Mantis Bug Tracker

View Issue Details Jump to Notes ] Issue History ] Print ]
IDProjectCategoryView StatusDate SubmittedLast Update
0006019OCamlback end (clambda to assembly)public2013-05-23 16:562015-03-27 07:49
Assigned To 
PlatformOSOS Version
Product Version4.00.1 
Target VersionFixed in Version 
Summary0006019: Unnecessary calls to caml_modify
DescriptionFor some mutation heavy code, the c-call to caml_modify is extremely high on our profiles (exhibiting almost a full order of magnitude difference in tight loops). This is in some sense a duplicate of 0005592, but it highlights the fact that writes could be made cheaper even absent the inlining improvements by a emitting a dynamic check that would skip the C-call to caml_modify.

We've added something like this:

let unsafe_set t i obj =
  let old_obj = unsafe_get t i in
  if Obj.is_int old_obj && Obj.is_int obj then
    (* It is OK to skip [caml_modify] if both the old and new values are integers. *)
    Array.unsafe_set (Obj.magic (t : t) : int array) i (Obj.obj obj : int)
  else if not (old_obj == obj) then
    Array.unsafe_set t i obj

around wrappers of arrays that often hold immediate values with good results. It seems like it makes more sense to perform at the level of code generation. For the included test I've demonstrated it for a polymorphic mutable field, but doing this sort of dynamic check in our code feels somewhat impractical.

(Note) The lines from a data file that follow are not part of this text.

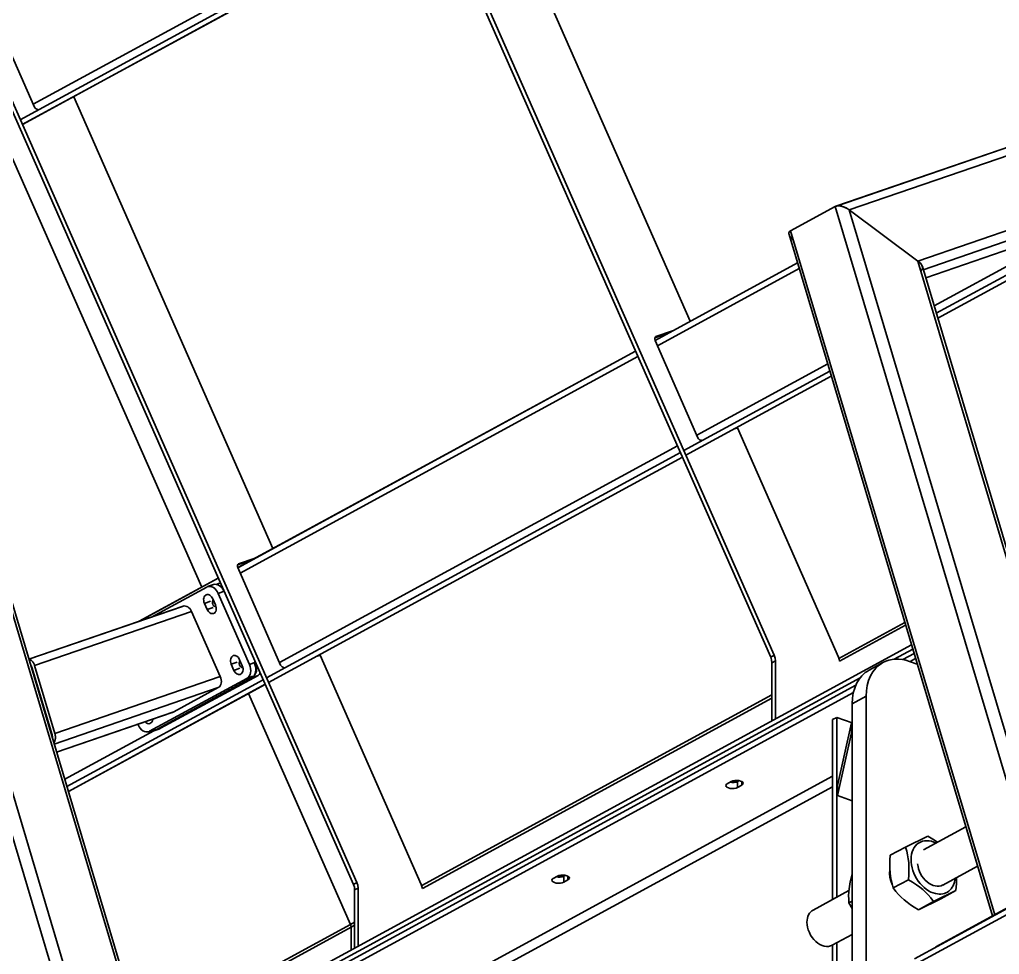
# Model space of a CAD drawing. Header units: millimetres. Extents: x 0 to 594, y 0 to 420.
# Drawn here: x 259.51 to 277.11, y 356.34 to 373.14 of the extents above; entities that cross this region are included whole.
import ezdxf

# ---------------------------------------------------------------- set-up
doc = ezdxf.new("R2010")
doc.units = ezdxf.units.MM

msp = doc.modelspace()

# ---------------------------------------------------------------- linework, layer by layer
at = {"color": 1, "lineweight": 35}
for p, q in [((273.002, 361.68), (261.37, 388.05)), ((273.065, 361.714), (261.432, 388.084)), ((265.506, 357.597), (253.874, 383.967)), ((265.568, 357.631), (253.936, 384.001)), ((253.783, 381.224), (263.497, 348.67)), ((253.863, 381.125), (263.554, 348.65)), ((253.207, 379.939), (262.431, 349.029)), ((253.107, 379.483), (262.208, 348.982)), ((267.979, 375.831), (271.558, 367.717)), ((259.754, 371.616), (266.902, 375.509)), ((259.522, 371.338), (266.956, 375.387)), ((259.558, 371.255), (266.992, 375.305)), ((259.559, 371.255), (266.993, 375.304)), ((259.003, 373.318), (259.775, 371.567)), ((260.431, 371.73), (260.482, 371.747)), ((260.482, 371.747), (264.061, 363.634)), ((259.788, 371.547), (259.775, 371.567)), ((259.804, 371.533), (259.788, 371.547)), ((259.822, 371.525), (259.804, 371.533)), ((259.84, 371.526), (259.822, 371.525)), ((262.781, 362.937), (259.198, 371.059)), ((259.198, 371.059), (262.781, 362.937)), ((274.171, 369.784), (278.053, 371.12)), ((274.186, 369.788), (278.041, 371.114)), ((274.413, 369.718), (278.205, 371.023)), ((275.977, 367.862), (281.344, 370.785)), ((276.003, 367.774), (281.38, 370.703)), ((276.003, 367.773), (281.38, 370.702)), ((278.72, 369.856), (275.646, 368.799)), ((274.159, 369.779), (273.359, 369.343)), ((273.359, 369.343), (274.159, 369.779)), ((274.171, 369.784), (274.159, 369.779)), ((274.159, 369.779), (274.16, 369.78)), ((274.159, 369.779), (274.159, 369.779)), ((274.159, 369.779), (277.826, 357.489)), ((274.16, 369.78), (274.161, 369.78)), ((274.161, 369.78), (274.162, 369.781)), ((274.162, 369.781), (274.163, 369.781)), ((274.163, 369.781), (274.164, 369.781)), ((274.164, 369.781), (274.165, 369.782)), ((274.165, 369.782), (274.166, 369.782)), ((274.166, 369.782), (274.167, 369.783)), ((274.167, 369.783), (274.168, 369.783)), ((274.168, 369.783), (274.169, 369.783)), ((274.169, 369.783), (274.17, 369.784)), ((274.17, 369.784), (274.17, 369.784)), ((274.17, 369.784), (274.171, 369.784)), ((274.185, 369.788), (274.171, 369.784)), ((274.171, 369.784), (274.184, 369.788)), ((274.184, 369.788), (274.199, 369.79)), ((274.2, 369.79), (274.185, 369.788)), ((274.199, 369.79), (274.214, 369.791)), ((274.217, 369.791), (274.2, 369.79)), ((274.214, 369.791), (274.231, 369.79)), ((274.235, 369.79), (274.217, 369.791)), ((274.231, 369.79), (274.248, 369.789)), ((274.255, 369.788), (274.235, 369.79)), ((274.248, 369.789), (274.266, 369.785)), ((274.274, 369.784), (274.255, 369.788)), ((274.266, 369.785), (274.285, 369.781)), ((274.295, 369.778), (274.274, 369.784)), ((274.285, 369.781), (274.304, 369.775)), ((274.315, 369.771), (274.295, 369.778)), ((274.304, 369.775), (274.323, 369.768)), ((274.336, 369.763), (274.315, 369.771)), ((274.323, 369.768), (274.342, 369.76)), ((274.356, 369.753), (274.336, 369.763)), ((274.342, 369.76), (274.361, 369.751)), ((274.376, 369.742), (274.356, 369.753)), ((274.361, 369.751), (274.379, 369.741)), ((274.395, 369.731), (274.376, 369.742)), ((274.379, 369.741), (274.396, 369.73)), ((274.413, 369.718), (274.395, 369.731)), ((274.396, 369.73), (274.413, 369.718)), ((275.646, 368.799), (274.413, 369.718)), ((274.413, 369.718), (275.646, 368.799)), ((274.413, 369.718), (278.048, 357.535)), ((275.743, 368.644), (278.684, 369.655)), ((273.329, 369.298), (273.331, 369.309)), ((273.33, 369.304), (273.329, 369.298)), ((273.329, 369.298), (273.329, 369.292)), ((273.33, 369.286), (273.329, 369.298)), ((273.329, 369.292), (273.33, 369.286)), ((273.331, 369.309), (273.33, 369.304)), ((273.33, 369.286), (273.331, 369.279)), ((273.333, 369.273), (273.33, 369.286)), ((273.331, 369.309), (273.335, 369.319)), ((273.333, 369.314), (273.331, 369.309)), ((273.335, 369.319), (273.333, 369.314)), ((273.335, 369.319), (273.341, 369.329)), ((273.338, 369.324), (273.335, 369.319)), ((273.341, 369.329), (273.338, 369.324)), ((273.341, 369.329), (273.349, 369.337)), ((273.345, 369.333), (273.341, 369.329)), ((273.349, 369.337), (273.345, 369.333)), ((273.349, 369.337), (273.359, 369.343)), ((273.354, 369.34), (273.349, 369.337)), ((273.359, 369.343), (273.354, 369.34)), ((273.359, 369.343), (277.026, 357.053)), ((273.331, 369.279), (273.333, 369.273)), ((273.333, 369.273), (273.335, 369.266)), ((273.338, 369.26), (273.333, 369.273)), ((273.333, 369.273), (276.986, 357.031)), ((273.335, 369.266), (273.338, 369.26)), ((273.338, 369.26), (273.341, 369.253)), ((273.345, 369.246), (273.338, 369.26)), ((273.341, 369.253), (273.345, 369.246)), ((273.345, 369.246), (273.349, 369.239)), ((273.354, 369.232), (273.345, 369.246)), ((273.349, 369.239), (273.354, 369.232)), ((273.354, 369.232), (273.359, 369.225)), ((273.365, 369.218), (273.354, 369.232)), ((273.359, 369.225), (273.365, 369.218)), ((273.365, 369.218), (273.371, 369.211)), ((273.378, 369.204), (273.365, 369.218)), ((273.371, 369.211), (273.378, 369.204)), ((273.378, 369.204), (273.385, 369.197)), ((273.392, 369.191), (273.378, 369.204)), ((273.385, 369.197), (273.392, 369.191)), ((273.392, 369.191), (273.4, 369.184)), ((273.408, 369.177), (273.392, 369.191)), ((273.4, 369.184), (273.408, 369.177)), ((275.787, 368.498), (277.885, 369.22)), ((275.787, 368.497), (277.872, 369.214)), ((270.924, 367.372), (273.484, 368.767)), ((270.924, 367.371), (273.484, 368.766)), ((275.655, 368.792), (275.646, 368.799)), ((275.646, 368.799), (275.663, 368.785)), ((275.646, 368.799), (279.114, 357.176)), ((275.663, 368.785), (275.655, 368.792)), ((275.671, 368.778), (275.663, 368.785)), ((275.663, 368.785), (275.678, 368.772)), ((275.679, 368.771), (275.671, 368.778)), ((275.678, 368.772), (275.692, 368.758)), ((275.686, 368.764), (275.679, 368.771)), ((275.692, 368.757), (275.686, 368.764)), ((275.692, 368.758), (275.703, 368.743)), ((275.938, 367.992), (277.528, 368.859)), ((270.966, 367.275), (273.515, 368.663)), ((275.699, 368.749), (275.692, 368.757)), ((275.704, 368.742), (275.699, 368.749)), ((275.711, 368.636), (275.701, 368.629)), ((275.701, 368.629), (275.706, 368.632)), ((275.703, 368.743), (275.713, 368.729)), ((275.709, 368.735), (275.704, 368.742)), ((275.706, 368.632), (275.711, 368.636)), ((275.714, 368.728), (275.709, 368.735)), ((275.719, 368.644), (275.711, 368.636)), ((275.711, 368.636), (275.715, 368.64)), ((275.713, 368.729), (275.721, 368.715)), ((275.718, 368.72), (275.714, 368.728)), ((275.715, 368.64), (275.719, 368.644)), ((275.721, 368.713), (275.718, 368.72)), ((275.725, 368.654), (275.719, 368.644)), ((275.719, 368.644), (275.722, 368.648)), ((275.721, 368.715), (275.726, 368.701)), ((275.724, 368.706), (275.721, 368.713)), ((275.722, 368.648), (275.725, 368.653)), ((275.727, 368.699), (275.724, 368.706)), ((275.729, 368.664), (275.725, 368.654)), ((275.725, 368.653), (275.727, 368.658)), ((275.726, 368.701), (275.729, 368.688)), ((275.728, 368.693), (275.727, 368.699)), ((275.727, 368.699), (279.171, 357.157)), ((275.727, 368.658), (275.729, 368.663)), ((275.73, 368.687), (275.728, 368.693)), ((275.729, 368.688), (275.73, 368.676)), ((275.73, 368.676), (275.729, 368.664)), ((275.729, 368.663), (275.73, 368.669)), ((275.73, 368.68), (275.73, 368.687)), ((275.73, 368.675), (275.73, 368.68)), ((275.73, 368.669), (275.73, 368.675)), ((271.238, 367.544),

Steps To Reproduce$ ocamlopt.opt -inline 20 -nodynlink -g -o z
$ ./z
int field took 0.120980
poly field took 1.021845
poly field with dynamic check took 0.240963
TagsNo tags attached.
Attached Files? file icon [^] (1,132 bytes) 2013-05-23 16:56 [Show Content]

- Relationships

-  Notes
xleroy (administrator)
2013-05-24 19:22

Yes, caml_modify is too slow, and we should do something about this. Thanks for raising the issue on the bug tracker.

Before inlining a fast path, as you do, I think we need to rewrite caml_modify so that fast paths (there are several possible) are clearly identified. I suspect most of the cost of caml_modify comes primarily from calls to Is_in_heap, which can be avoided in several cases, and not from the call to caml_modify instead.

To be investigated...
gasche (developer)
2013-05-24 23:53

For the record, I modified the proposed example as such to test the performance hit on non-integer modifications.

  time_it "addr field" (fun () ->
    let t = Poly_field.create [] in
    for i = 1 to times do
      Poly_field.set t [i]

  time_it "addr field with dynamic check" (fun () ->
    let t = Poly_field.create [] in
    for i = 1 to times do
      Poly_field.set_dynamic t [i]

The results on my amd64 machine are the following:

  int field took 0.116000
  int poly field took 0.940000
  int field with dynamic check took 0.468000
  addr field took 1.680000
  addr field with dynamic check took 2.244000

so this particular microbenchmark must be relativized in that it may speed up integer modifications by 50%, but also slow down the other modifications by 30%. It probably wouldn't be appropriate to blindly inject the corresponding code in all modification places.
bnigito (reporter)
2013-05-27 17:32

Would you mind running that benchmark again ensuring the resulting set_dynamic code is inlined? I believe that is the only reason you would see a difference of such magnitude (our standard compilation tools already have aggressive inlining options enabled, so I sometimes assume it).

Here's what I see:
addr field took 1.872715
addr field (no-inlining) with dynamic check took 2.492622
addr field (inlined) with dynamic check took 1.929706

Certainly it is a tradeoff, not in all modification sites but only those with a polymorphic value (if this is known/possible at compilation). If it were to slow down polymorphic modifications by 30% I would not have suggested it, but if it's in the range of 3-5%, I think there is a case to consider it.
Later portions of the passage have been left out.